Without painting the situation with too broad a brush, one may be perplexed about the dichotomy of graffiti-spraying vandals having some appreciation for the norms of a host society while cherishing the practice of violating them where they grew up. Perhaps it is simply a matter of international diplomacy by a visitor, but still sort of a curious point that some may ponder.

This crossroads is not only North meeting South it is also illegal graffiti writers and street artists grappling with the growing popularity of legal murals at commercial, institutional, and community art festivals around the world. We continue to observe rebels being perfect schoolboys/girls in their host town and we wonder about the construction of persona, practice, and environment. Sickboy sat down to talk about his wall and said he had been avoiding some of his typical symbols like caskets and marijuana joints – and he revealed that he actually altered his painting because he was responding to the community.

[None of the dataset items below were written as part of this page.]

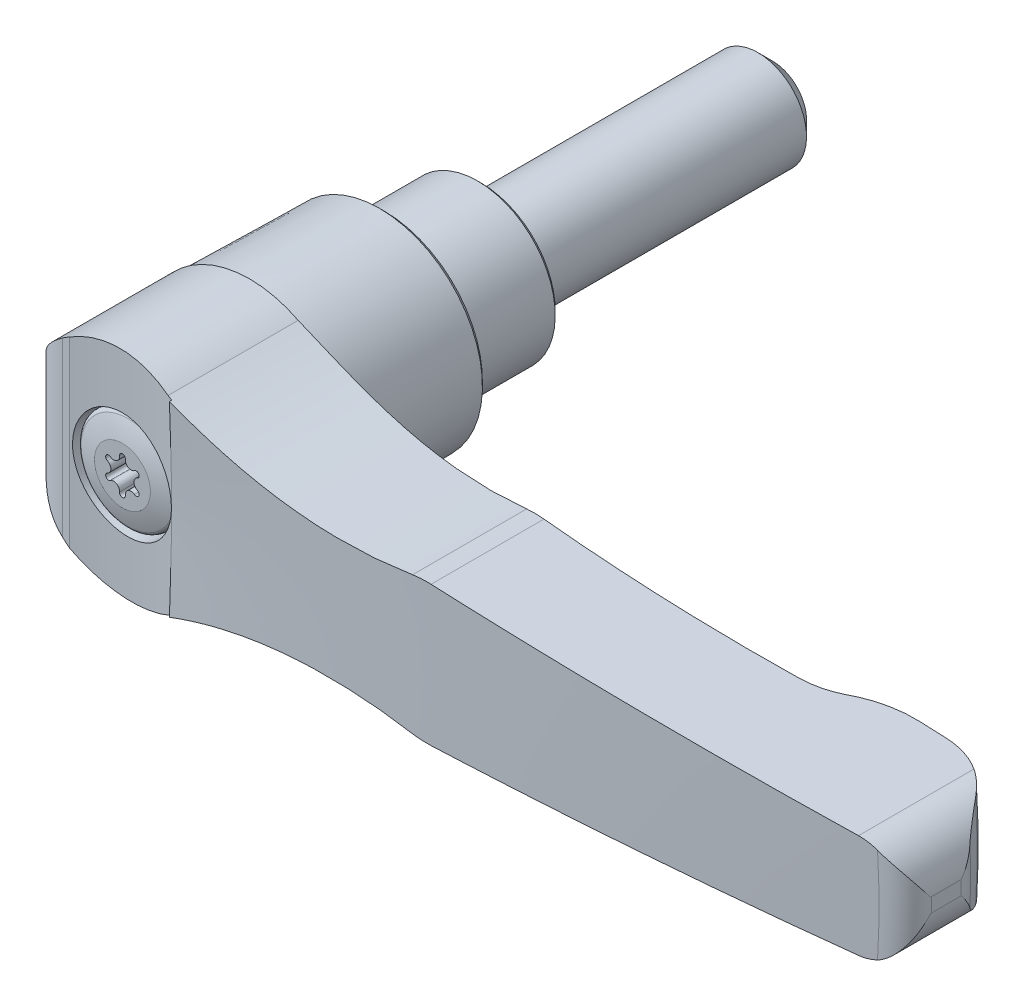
ISO-10303-21;
HEADER;
FILE_DESCRIPTION(('STEP AP214'),'2;1');
FILE_NAME('part.step','',(''),(''),'','','');
FILE_SCHEMA(('AUTOMOTIVE_DESIGN { 1 0 10303 214 1 1 1 1 }'));
ENDSEC;
DATA;
#1=APPLICATION_CONTEXT('core data for automotive mechanical design processes');
#2=APPLICATION_PROTOCOL_DEFINITION('international standard','automotive_design',2000,#1);
#3=PRODUCT_CONTEXT('',#1,'mechanical');
#4=PRODUCT('Part','Part','',(#3));
#5=PRODUCT_RELATED_PRODUCT_CATEGORY('part','',(#4));
#6=PRODUCT_DEFINITION_FORMATION('','',#4);
#7=PRODUCT_DEFINITION_CONTEXT('part definition',#1,'design');
#8=PRODUCT_DEFINITION('design','',#6,#7);
#9=PRODUCT_DEFINITION_SHAPE('','',#8);
#10=(LENGTH_UNIT() NAMED_UNIT(*) SI_UNIT(.MILLI.,.METRE.));
#11=(NAMED_UNIT(*) PLANE_ANGLE_UNIT() SI_UNIT($,.RADIAN.));
#12=(NAMED_UNIT(*) SI_UNIT($,.STERADIAN.) SOLID_ANGLE_UNIT());
#13=UNCERTAINTY_MEASURE_WITH_UNIT(LENGTH_MEASURE(1.E-05),#10,'distance_accuracy_value','');
#14=(GEOMETRIC_REPRESENTATION_CONTEXT(3) GLOBAL_UNCERTAINTY_ASSIGNED_CONTEXT((#13)) GLOBAL_UNIT_ASSIGNED_CONTEXT((#10,
#11,#12)) REPRESENTATION_CONTEXT('',''));
#15=CARTESIAN_POINT('',(0.,0.,0.));
#16=DIRECTION('',(0.,0.,1.));
#17=DIRECTION('',(1.,0.,0.));
#18=AXIS2_PLACEMENT_3D('',#15,#16,#17);
#19=CARTESIAN_POINT('',(0.,0.,27.75));
#20=DIRECTION('',(0.,0.,1.));
#21=DIRECTION('',(0.,-1.,0.));
#22=AXIS2_PLACEMENT_3D('',#19,#20,#21);
#23=CONICAL_SURFACE('',#22,5.15,0.0261799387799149);
#24=CARTESIAN_POINT('',(-3.82186723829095,3.79301788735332,36.7080789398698));
#25=CARTESIAN_POINT('',(-3.71534691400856,3.90028108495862,36.7062117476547));
#26=CARTESIAN_POINT('',(-3.60432455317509,4.00304517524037,36.704589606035));
#27=CARTESIAN_POINT('',(-3.37399930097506,4.19891926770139,36.7020096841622));
#28=CARTESIAN_POINT('',(-3.25469446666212,4.29202699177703,36.7010520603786));
#29=CARTESIAN_POINT('',(-3.0085890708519,4.4679591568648,36.6999680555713));
#30=CARTESIAN_POINT('',(-2.88178275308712,4.55077554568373,36.6998423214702));
#31=CARTESIAN_POINT('',(-2.62161264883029,4.7054859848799,36.7005758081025));
#32=CARTESIAN_POINT('',(-2.48824649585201,4.77737605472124,36.7014353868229));
#33=CARTESIAN_POINT('',(-2.21605276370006,4.90964048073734,36.7042708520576));
#34=CARTESIAN_POINT('',(-2.07722922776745,4.97002317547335,36.7062459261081));
#35=CARTESIAN_POINT('',(-1.79497035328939,5.07893378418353,36.7114191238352));
#36=CARTESIAN_POINT('',(-1.65153333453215,5.12745732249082,36.7146176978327));
#37=CARTESIAN_POINT('',(-1.36121177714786,5.21225729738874,36.7223126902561));
#38=CARTESIAN_POINT('',(-1.21432937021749,5.24854110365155,36.7268083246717));
#39=CARTESIAN_POINT('',(-0.918029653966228,5.30866584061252,36.7371445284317));
#40=CARTESIAN_POINT('',(-0.768611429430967,5.33250217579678,36.7429855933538));
#41=CARTESIAN_POINT('',(-0.468546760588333,5.36753437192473,36.7560131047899));
#42=CARTESIAN_POINT('',(-0.317902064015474,5.37874583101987,36.7631978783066));
#43=CARTESIAN_POINT('',(-0.0162164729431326,5.3885202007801,36.7788936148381));
#44=CARTESIAN_POINT('',(0.134824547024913,5.3870784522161,36.7874050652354));
#45=CARTESIAN_POINT('',(0.436130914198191,5.37156631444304,36.8056859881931));
#46=CARTESIAN_POINT('',(0.58639649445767,5.35749997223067,36.815455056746));
#47=CARTESIAN_POINT('',(0.885200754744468,5.31685490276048,36.8361582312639));
#48=CARTESIAN_POINT('',(1.03373877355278,5.29027153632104,36.8470927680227));
#49=CARTESIAN_POINT('',(1.32842726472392,5.22469830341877,36.8700247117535));
#50=CARTESIAN_POINT('',(1.47456945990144,5.18567228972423,36.882025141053));
#51=CARTESIAN_POINT('',(1.76304982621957,5.09551309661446,36.9068998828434));
#52=CARTESIAN_POINT('',(1.90538657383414,5.04437545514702,36.9197745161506));
#53=CARTESIAN_POINT('',(2.18517812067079,4.93037916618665,36.9461969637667));
#54=CARTESIAN_POINT('',(2.32263450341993,4.86752436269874,36.9597445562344));
#55=CARTESIAN_POINT('',(2.59177729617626,4.73053715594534,36.987298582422));
#56=CARTESIAN_POINT('',(2.72346154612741,4.65640057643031,37.0013051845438));
#57=CARTESIAN_POINT('',(3.11008075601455,4.41677811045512,37.0438406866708));
#58=CARTESIAN_POINT('',(3.35498940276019,4.23472918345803,37.0727317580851));
#59=CARTESIAN_POINT('',(3.81061841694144,3.83201391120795,37.1293132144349));
#60=CARTESIAN_POINT('',(4.02133817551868,3.61134687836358,37.1570035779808));
#61=CARTESIAN_POINT('',(4.40299814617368,3.13710131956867,37.2090851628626));
#62=CARTESIAN_POINT('',(4.57389146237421,2.88348453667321,37.2334724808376));
#63=CARTESIAN_POINT('',(4.8704857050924,2.35066468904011,37.2769076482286));
#64=CARTESIAN_POINT('',(4.99618921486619,2.07146308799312,37.2959558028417));
#65=CARTESIAN_POINT('',(5.19764854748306,1.49811632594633,37.3269450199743));
#66=CARTESIAN_POINT('',(5.27385550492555,1.20413322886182,37.3389501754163));
#67=CARTESIAN_POINT('',(5.37579370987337,0.607338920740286,37.3550873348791));
#68=CARTESIAN_POINT('',(5.40152887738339,0.304528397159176,37.3592199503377));
#69=CARTESIAN_POINT('',(5.40172286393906,-0.29769106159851,37.3592512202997));
#70=CARTESIAN_POINT('',(5.37675477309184,-0.597099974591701,37.35524190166));
#71=CARTESIAN_POINT('',(5.27746605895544,-1.18740212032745,37.3395194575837));
#72=CARTESIAN_POINT('',(5.20314585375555,-1.47829542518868,37.3278063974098));
#73=CARTESIAN_POINT('',(5.00745942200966,-2.04324075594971,37.2976749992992));
#74=CARTESIAN_POINT('',(4.88611822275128,-2.31730165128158,37.2792602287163));
#75=CARTESIAN_POINT('',(4.59994520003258,-2.84124816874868,37.2372335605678));
#76=CARTESIAN_POINT('',(4.43511078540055,-3.09113234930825,37.2136213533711));
#77=CARTESIAN_POINT('',(4.06463235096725,-3.56252869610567,37.1627855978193));
#78=CARTESIAN_POINT('',(3.85857005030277,-3.78370822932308,37.1355260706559));
#79=CARTESIAN_POINT('',(3.41254071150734,-4.18853503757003,37.0796758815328));
#80=CARTESIAN_POINT('',(3.17257159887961,-4.37218001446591,37.0510851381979));
#81=CARTESIAN_POINT('',(2.66278140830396,-4.69856745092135,36.994342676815));
#82=CARTESIAN_POINT('',(2.39268640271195,-4.84088357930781,36.9661981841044));
#83=CARTESIAN_POINT('',(1.83217160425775,-5.07809992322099,36.9125421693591));
#84=CARTESIAN_POINT('',(1.54175179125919,-5.17300009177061,36.8870306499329));
#85=CARTESIAN_POINT('',(0.948774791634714,-5.31257948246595,36.8401550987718));
#86=CARTESIAN_POINT('',(0.646218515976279,-5.35726246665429,36.8187907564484));
#87=CARTESIAN_POINT('',(0.0375867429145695,-5.39498080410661,36.7812079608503));
#88=CARTESIAN_POINT('',(-0.268488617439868,-5.38801816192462,36.7649893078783));
#89=CARTESIAN_POINT('',(-0.873320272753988,-5.32272310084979,36.7381921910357));
#90=CARTESIAN_POINT('',(-1.17211141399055,-5.26472804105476,36.7275774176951));
#91=CARTESIAN_POINT('',(-1.75586295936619,-5.09937269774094,36.7116339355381));
#92=CARTESIAN_POINT('',(-2.04082365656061,-4.99201346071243,36.7063051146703));
#93=CARTESIAN_POINT('',(-2.58762584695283,-4.73149608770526,36.7002185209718));
#94=CARTESIAN_POINT('',(-2.84955219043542,-4.57851601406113,36.6994432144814));
#95=CARTESIAN_POINT('',(-3.34420500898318,-4.23075694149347,36.7012936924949));
#96=CARTESIAN_POINT('',(-3.57693118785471,-4.03597751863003,36.7039195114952));
#97=CARTESIAN_POINT('',(-3.89903010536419,-3.71679841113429,36.709377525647));
#98=CARTESIAN_POINT('',(-4.00199323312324,-3.60577103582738,36.7114531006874));
#99=CARTESIAN_POINT('',(-4.19820603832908,-3.37546663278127,36.7159314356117));
#100=CARTESIAN_POINT('',(-4.29145927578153,-3.25619265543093,36.7183340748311));
#101=CARTESIAN_POINT('',(-4.46762204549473,-3.01018379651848,36.7232909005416));
#102=CARTESIAN_POINT('',(-4.55052767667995,-2.88344612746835,36.7258451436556));
#103=CARTESIAN_POINT('',(-4.70534739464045,-2.62348619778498,36.7309338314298));
#104=CARTESIAN_POINT('',(-4.77726552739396,-2.49026634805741,36.7334682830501));
#105=CARTESIAN_POINT('',(-4.90972659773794,-2.2180457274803,36.7383656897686));
#106=CARTESIAN_POINT('',(-4.97025295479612,-2.07903688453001,36.7407283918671));
#107=CARTESIAN_POINT('',(-5.07934789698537,-1.79645762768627,36.7451389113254));
#108=CARTESIAN_POINT('',(-5.12792090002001,-1.65288892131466,36.7471868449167));
#109=CARTESIAN_POINT('',(-5.21280239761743,-1.36211419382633,36.750853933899));
#110=CARTESIAN_POINT('',(-5.24910688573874,-1.21490700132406,36.7524729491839));
#111=CARTESIAN_POINT('',(-5.30915612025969,-0.918004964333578,36.7551917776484));
#112=CARTESIAN_POINT('',(-5.33290553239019,-0.768311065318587,36.7562917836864));
#113=CARTESIAN_POINT('',(-5.36767150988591,-0.467638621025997,36.7579130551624));
#114=CARTESIAN_POINT('',(-5.37870396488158,-0.316661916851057,36.7584350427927));
#115=CARTESIAN_POINT('',(-5.38800813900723,-0.0143709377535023,36.7588747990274));
#116=CARTESIAN_POINT('',(-5.38628458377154,0.136943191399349,36.7587927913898));
#117=CARTESIAN_POINT('',(-5.37009558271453,0.438975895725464,36.758029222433));
#118=CARTESIAN_POINT('',(-5.35562265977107,0.589694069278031,36.7573473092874));
#119=CARTESIAN_POINT('',(-5.31403708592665,0.889315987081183,36.7554202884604));
#120=CARTESIAN_POINT('',(-5.28692909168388,1.03822037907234,36.7541753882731));
#121=CARTESIAN_POINT('',(-5.22027737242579,1.33318140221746,36.7511900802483));
#122=CARTESIAN_POINT('',(-5.18073627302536,1.47923862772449,36.749449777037));
#123=CARTESIAN_POINT('',(-5.08951807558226,1.7674479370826,36.7455701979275));
#124=CARTESIAN_POINT('',(-5.03784539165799,1.90960142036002,36.7434310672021));
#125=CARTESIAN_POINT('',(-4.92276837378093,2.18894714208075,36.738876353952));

Someone had crossed out the abbreviation letters of his crew back home “KKS” (Kold Krush Sisters). Not knowing French or Arabic, he tells us that he couldn’t figure out what the problem was, so he just painted a motif over it himself rather than risk offending further. A local elder with a gray beard asked us one day to explain a series of symbols on Sickboy’s mural – pointing to an eye and a heart which were meant to say something like “I love peace lovers”. He wanted to be assured that it was not about things about mysticism or of a sexual nature.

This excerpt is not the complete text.